__Provided records__:
------------------------------------------------------------

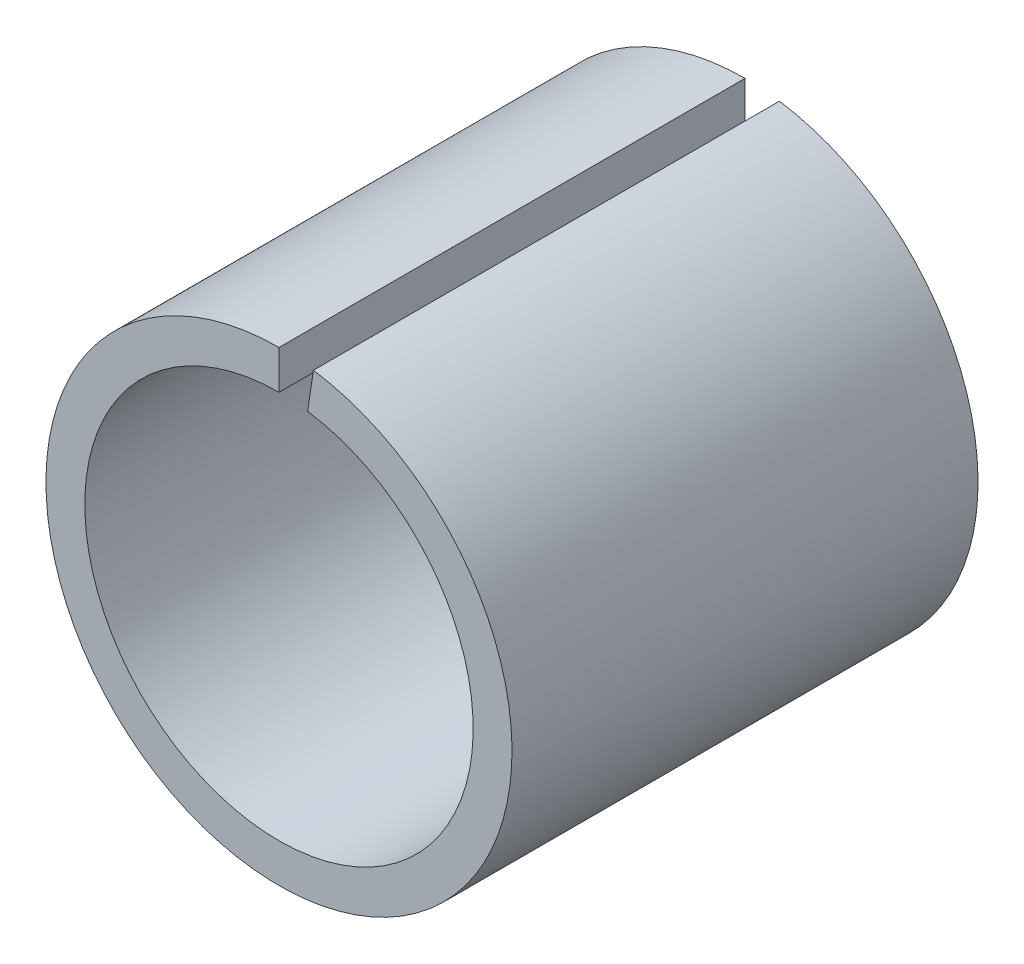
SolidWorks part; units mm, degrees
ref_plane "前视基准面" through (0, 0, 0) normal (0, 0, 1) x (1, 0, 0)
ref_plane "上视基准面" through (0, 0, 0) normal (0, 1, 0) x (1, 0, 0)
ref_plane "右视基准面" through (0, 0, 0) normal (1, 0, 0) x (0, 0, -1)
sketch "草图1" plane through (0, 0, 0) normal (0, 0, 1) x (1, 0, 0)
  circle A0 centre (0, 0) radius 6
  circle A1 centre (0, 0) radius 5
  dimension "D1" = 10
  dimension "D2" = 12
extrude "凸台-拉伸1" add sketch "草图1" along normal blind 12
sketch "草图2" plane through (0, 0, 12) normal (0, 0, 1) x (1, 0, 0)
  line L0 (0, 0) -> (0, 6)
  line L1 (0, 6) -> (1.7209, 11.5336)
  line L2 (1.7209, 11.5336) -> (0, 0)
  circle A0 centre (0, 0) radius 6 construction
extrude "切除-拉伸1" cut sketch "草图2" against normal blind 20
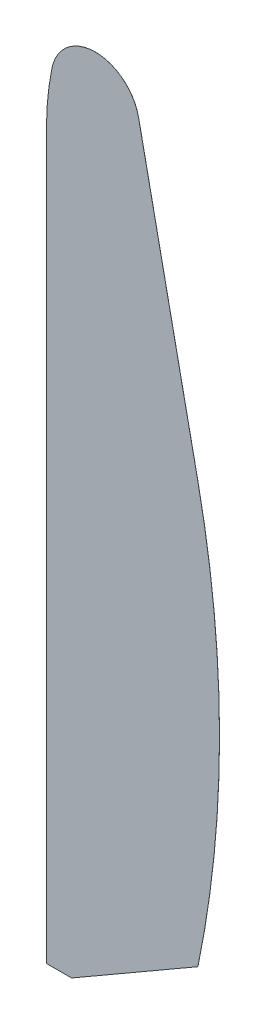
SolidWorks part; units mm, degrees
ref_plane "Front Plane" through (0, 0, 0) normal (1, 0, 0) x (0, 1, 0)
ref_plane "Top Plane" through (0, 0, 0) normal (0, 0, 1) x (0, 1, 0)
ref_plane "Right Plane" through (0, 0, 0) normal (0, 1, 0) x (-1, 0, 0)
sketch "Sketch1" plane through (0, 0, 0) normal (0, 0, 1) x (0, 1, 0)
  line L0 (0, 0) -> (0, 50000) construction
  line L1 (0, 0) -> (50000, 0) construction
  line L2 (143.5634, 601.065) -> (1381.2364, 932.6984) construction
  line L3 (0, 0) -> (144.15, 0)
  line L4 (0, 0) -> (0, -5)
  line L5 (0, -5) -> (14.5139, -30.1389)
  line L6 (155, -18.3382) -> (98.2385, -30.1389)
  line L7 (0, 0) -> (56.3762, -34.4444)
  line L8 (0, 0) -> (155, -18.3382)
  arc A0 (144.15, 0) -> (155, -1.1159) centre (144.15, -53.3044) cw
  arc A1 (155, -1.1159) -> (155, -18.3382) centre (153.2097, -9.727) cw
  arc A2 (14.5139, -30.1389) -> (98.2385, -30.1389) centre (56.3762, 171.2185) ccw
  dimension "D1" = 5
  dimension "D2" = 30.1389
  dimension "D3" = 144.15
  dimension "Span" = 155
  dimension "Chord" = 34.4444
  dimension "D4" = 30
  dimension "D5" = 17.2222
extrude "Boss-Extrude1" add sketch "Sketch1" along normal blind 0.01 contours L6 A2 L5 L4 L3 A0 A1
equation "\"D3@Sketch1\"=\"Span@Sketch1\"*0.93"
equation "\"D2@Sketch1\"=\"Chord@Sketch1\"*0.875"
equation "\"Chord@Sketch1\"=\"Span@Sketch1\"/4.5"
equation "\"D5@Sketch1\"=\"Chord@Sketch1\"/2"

------------------------------------------------------------

Please return the whole listing exactly. Do not copy its images.

SolidWorks part; units mm, degrees
ref_plane "前视基准面" through (0, 0, 0) normal (0, 0, 1) x (1, 0, 0)
ref_plane "上视基准面" through (0, 0, 0) normal (0, 1, 0) x (1, 0, 0)
ref_plane "右视基准面" through (0, 0, 0) normal (1, 0, 0) x (0, 0, -1)
sketch "草图1" plane through (0, 0, 0) normal (0, 0, 1) x (1, 0, 0)
  circle A0 centre (0, 0) radius 6
  circle A1 centre (0, 0) radius 5
  dimension "D1" = 10
  dimension "D2" = 12
extrude "凸台-拉伸1" add sketch "草图1" along normal blind 12
sketch "草图2" plane through (0, 0, 12) normal (0, 0, 1) x (1, 0, 0)
  line L0 (0, 0) -> (0, 6)
  line L1 (0, 6) -> (1.7209, 11.5336)
  line L2 (1.7209, 11.5336) -> (0, 0)
  circle A0 centre (0, 0) radius 6 construction
extrude "切除-拉伸1" cut sketch "草图2" against normal blind 20
SolidWorks part; units mm, degrees
ref_plane "Front Plane" through (0, 0, 0) normal (1, 0, 0) x (0, 1, 0)
ref_plane "Top Plane" through (0, 0, 0) normal (0, 0, 1) x (0, 1, 0)
ref_plane "Right Plane" through (0, 0, 0) normal (0, 1, 0) x (-1, 0, 0)
sketch "Sketch1" plane through (0, 0, 0) normal (0, 0, 1) x (0, 1, 0)
  line L0 (0, 0) -> (0, 50000) construction
  line L1 (0, 0) -> (50000, 0) construction
  line L2 (143.5634, 601.065) -> (1381.2364, 932.6984) construction
  line L3 (0, 0) -> (144.15, 0)
  line L4 (0, 0) -> (0, -5)
  line L5 (0, -5) -> (14.5139, -30.1389)
  line L6 (155, -18.3382) -> (98.2385, -30.1389)
  line L7 (0, 0) -> (56.3762, -34.4444)
  line L8 (0, 0) -> (155, -18.3382)
  arc A0 (144.15, 0) -> (155, -1.1159) centre (144.15, -53.3044) cw
  arc A1 (155, -1.1159) -> (155, -18.3382) centre (153.2097, -9.727) cw
  arc A2 (14.5139, -30.1389) -> (98.2385, -30.1389) centre (56.3762, 171.2185) ccw
  dimension "D1" = 5
  dimension "D2" = 30.1389
  dimension "D3" = 144.15
  dimension "Span" = 155
  dimension "Chord" = 34.4444
  dimension "D4" = 30
  dimension "D5" = 17.2222
extrude "Boss-Extrude1" add sketch "Sketch1" along normal blind 0.01 contours L6 A2 L5 L4 L3 A0 A1
equation "\"D3@Sketch1\"=\"Span@Sketch1\"*0.93"
equation "\"D2@Sketch1\"=\"Chord@Sketch1\"*0.875"
equation "\"Chord@Sketch1\"=\"Span@Sketch1\"/4.5"
equation "\"D5@Sketch1\"=\"Chord@Sketch1\"/2"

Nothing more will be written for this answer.